### LISTED ENTRIES
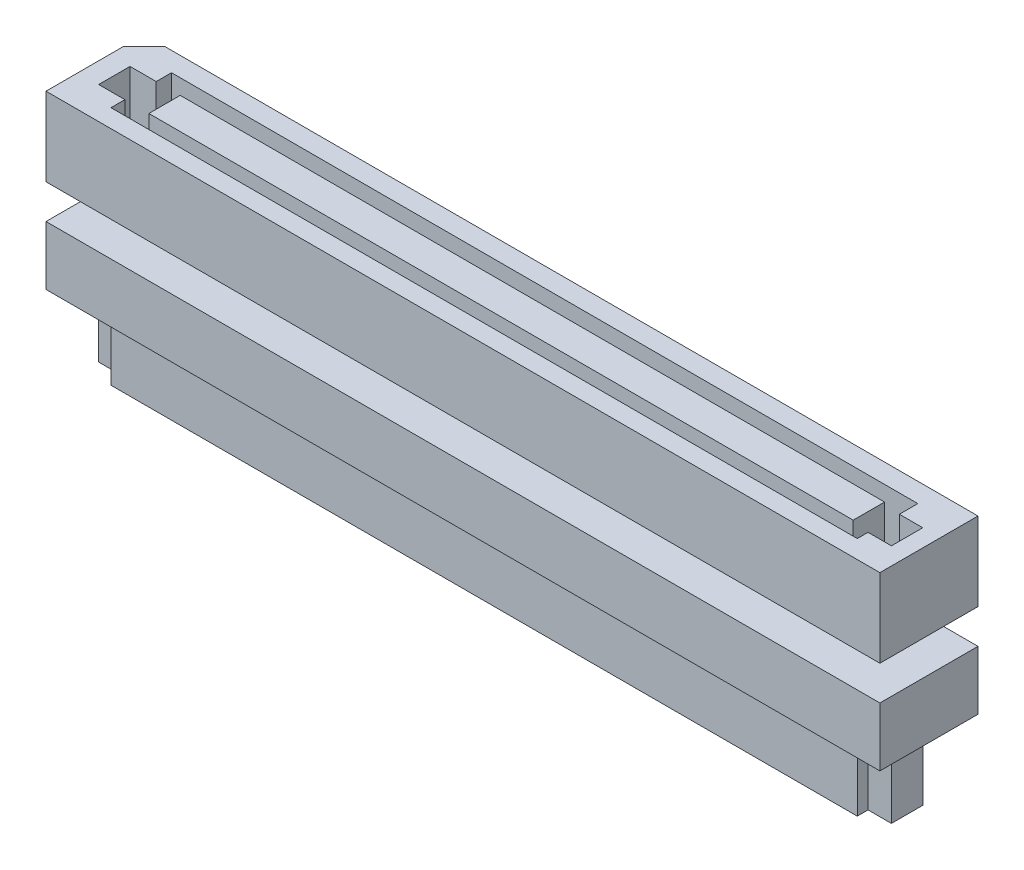
from build123d import *

# Parameters (mm, degrees)
SV_DEPTH           = 4
SKETCH3_W          = 35.897762959
SKETCH3_H          = 1.597828601
CUT_EXTRUDE1_DEPTH = 3.5
SV2_A_DEPTH        = 3
SKETCH7_W          = 35.897762959
SKETCH7_H          = 1.597828601
SV2_B_DEPTH        = 3.5


with BuildPart() as part:
    # Sketch1 → SV (new body)
    with BuildSketch(Plane(origin=(0, 0, 0), x_dir=(1, 0, 0), z_dir=(0, 1, 0))):
        Polygon((-20.189, 2.5), (21.25, 2.5), (21.25, -1.44), (21.25, -2.5), (20.19, -2.5), (-21.25, -2.5), (-21.25, 1.439), align=None)
    extrude(amount=SV_DEPTH)

    # Sketch3 → Cut-Extrude1 (cut)
    with BuildSketch(Plane(origin=(0, 4, 0), x_dir=(1, 0, 0), z_dir=(0, 1, 0))):
        Polygon((-20.202517392, 0.734832739), (-18.867516597, 0.734832739), (-18.867516597, 1.51327079), (19.169882457, 1.51327079), (19.169882457, 0.573528463), (20.36118295, 0.573528463), (20.36118295, -1.024300139), (19.169882457, -1.024300139), (19.169882457, -1.572342426), (-18.867516597, -1.572342426), (-18.867516597, -0.862995862), (-20.202517392, -0.862995862), align=None)
        with Locations((0.304154287, -0.064081561)):
            Rectangle(SKETCH3_W, SKETCH3_H, mode=Mode.SUBTRACT)
    extrude(amount=-CUT_EXTRUDE1_DEPTH, mode=Mode.SUBTRACT)


with BuildPart() as body_2:
    # Sketch6 → SV2(a) (new body)
    with BuildSketch(Plane(origin=(0, -1.7526, 0), x_dir=(1, 0, 0), z_dir=(0, 1, 0))):
        Polygon((21.25, -1.43808395), (21.25, -2.5), (20.18808395, -2.5), (-21.25, -2.5), (-21.25, 1.44), (-20.19, 2.5), (21.25, 2.5), align=None)
    extrude(amount=-SV2_A_DEPTH)

    # Sketch7 → SV2(b) (add)
    with BuildSketch(Plane.XZ.offset(4.7526)):
        Polygon((-18.867516597, -1.51327079), (-18.867516597, -0.734832739), (-20.202517392, -0.734832739), (-20.202517392, 0.862995862), (-18.867516597, 0.862995862), (-18.867516597, 1.572342426), (19.169882457, 1.572342426), (19.169882457, 1.024300139), (20.36118295, 1.024300139), (20.36118295, -0.573528463), (19.169882457, -0.573528463), (19.169882457, -1.51327079), align=None)
        with Locations((0.304154287, 0.064081561)):
            Rectangle(SKETCH7_W, SKETCH7_H, mode=Mode.SUBTRACT)
    extrude(amount=SV2_B_DEPTH)


solid = Compound([part.part, body_2.part])

### TASK REQUIREMENTS
Give back the data exactly, with no images.

### SOLUTION FOR THIS PROBLEM
from build123d import *

# Parameters (mm, degrees)
SV_DEPTH           = 4
SKETCH3_W          = 35.897762959
SKETCH3_H          = 1.597828601
CUT_EXTRUDE1_DEPTH = 3.5
SV2_A_DEPTH        = 3
SKETCH7_W          = 35.897762959
SKETCH7_H          = 1.597828601
SV2_B_DEPTH        = 3.5


with BuildPart() as part:
    # Sketch1 → SV (new body)
    with BuildSketch(Plane(origin=(0, 0, 0), x_dir=(1, 0, 0), z_dir=(0, 1, 0))):
        Polygon((-20.189, 2.5), (21.25, 2.5), (21.25, -1.44), (21.25, -2.5), (20.19, -2.5), (-21.25, -2.5), (-21.25, 1.439), align=None)
    extrude(amount=SV_DEPTH)

    # Sketch3 → Cut-Extrude1 (cut)
    with BuildSketch(Plane(origin=(0, 4, 0), x_dir=(1, 0, 0), z_dir=(0, 1, 0))):
        Polygon((-20.202517392, 0.734832739), (-18.867516597, 0.734832739), (-18.867516597, 1.51327079), (19.169882457, 1.51327079), (19.169882457, 0.573528463), (20.36118295, 0.573528463), (20.36118295, -1.024300139), (19.169882457, -1.024300139), (19.169882457, -1.572342426), (-18.867516597, -1.572342426), (-18.867516597, -0.862995862), (-20.202517392, -0.862995862), align=None)
        with Locations((0.304154287, -0.064081561)):
            Rectangle(SKETCH3_W, SKETCH3_H, mode=Mode.SUBTRACT)
    extrude(amount=-CUT_EXTRUDE1_DEPTH, mode=Mode.SUBTRACT)


with BuildPart() as body_2:
    # Sketch6 → SV2(a) (new body)
    with BuildSketch(Plane(origin=(0, -1.7526, 0), x_dir=(1, 0, 0), z_dir=(0, 1, 0))):
        Polygon((21.25, -1.43808395), (21.25, -2.5), (20.18808395, -2.5), (-21.25, -2.5), (-21.25, 1.44), (-20.19, 2.5), (21.25, 2.5), align=None)
    extrude(amount=-SV2_A_DEPTH)

    # Sketch7 → SV2(b) (add)
    with BuildSketch(Plane.XZ.offset(4.7526)):
        Polygon((-18.867516597, -1.51327079), (-18.867516597, -0.734832739), (-20.202517392, -0.734832739), (-20.202517392, 0.862995862), (-18.867516597, 0.862995862), (-18.867516597, 1.572342426), (19.169882457, 1.572342426), (19.169882457, 1.024300139), (20.36118295, 1.024300139), (20.36118295, -0.573528463), (19.169882457, -0.573528463), (19.169882457, -1.51327079), align=None)
        with Locations((0.304154287, 0.064081561)):
            Rectangle(SKETCH7_W, SKETCH7_H, mode=Mode.SUBTRACT)
    extrude(amount=SV2_B_DEPTH)


solid = Compound([part.part, body_2.part])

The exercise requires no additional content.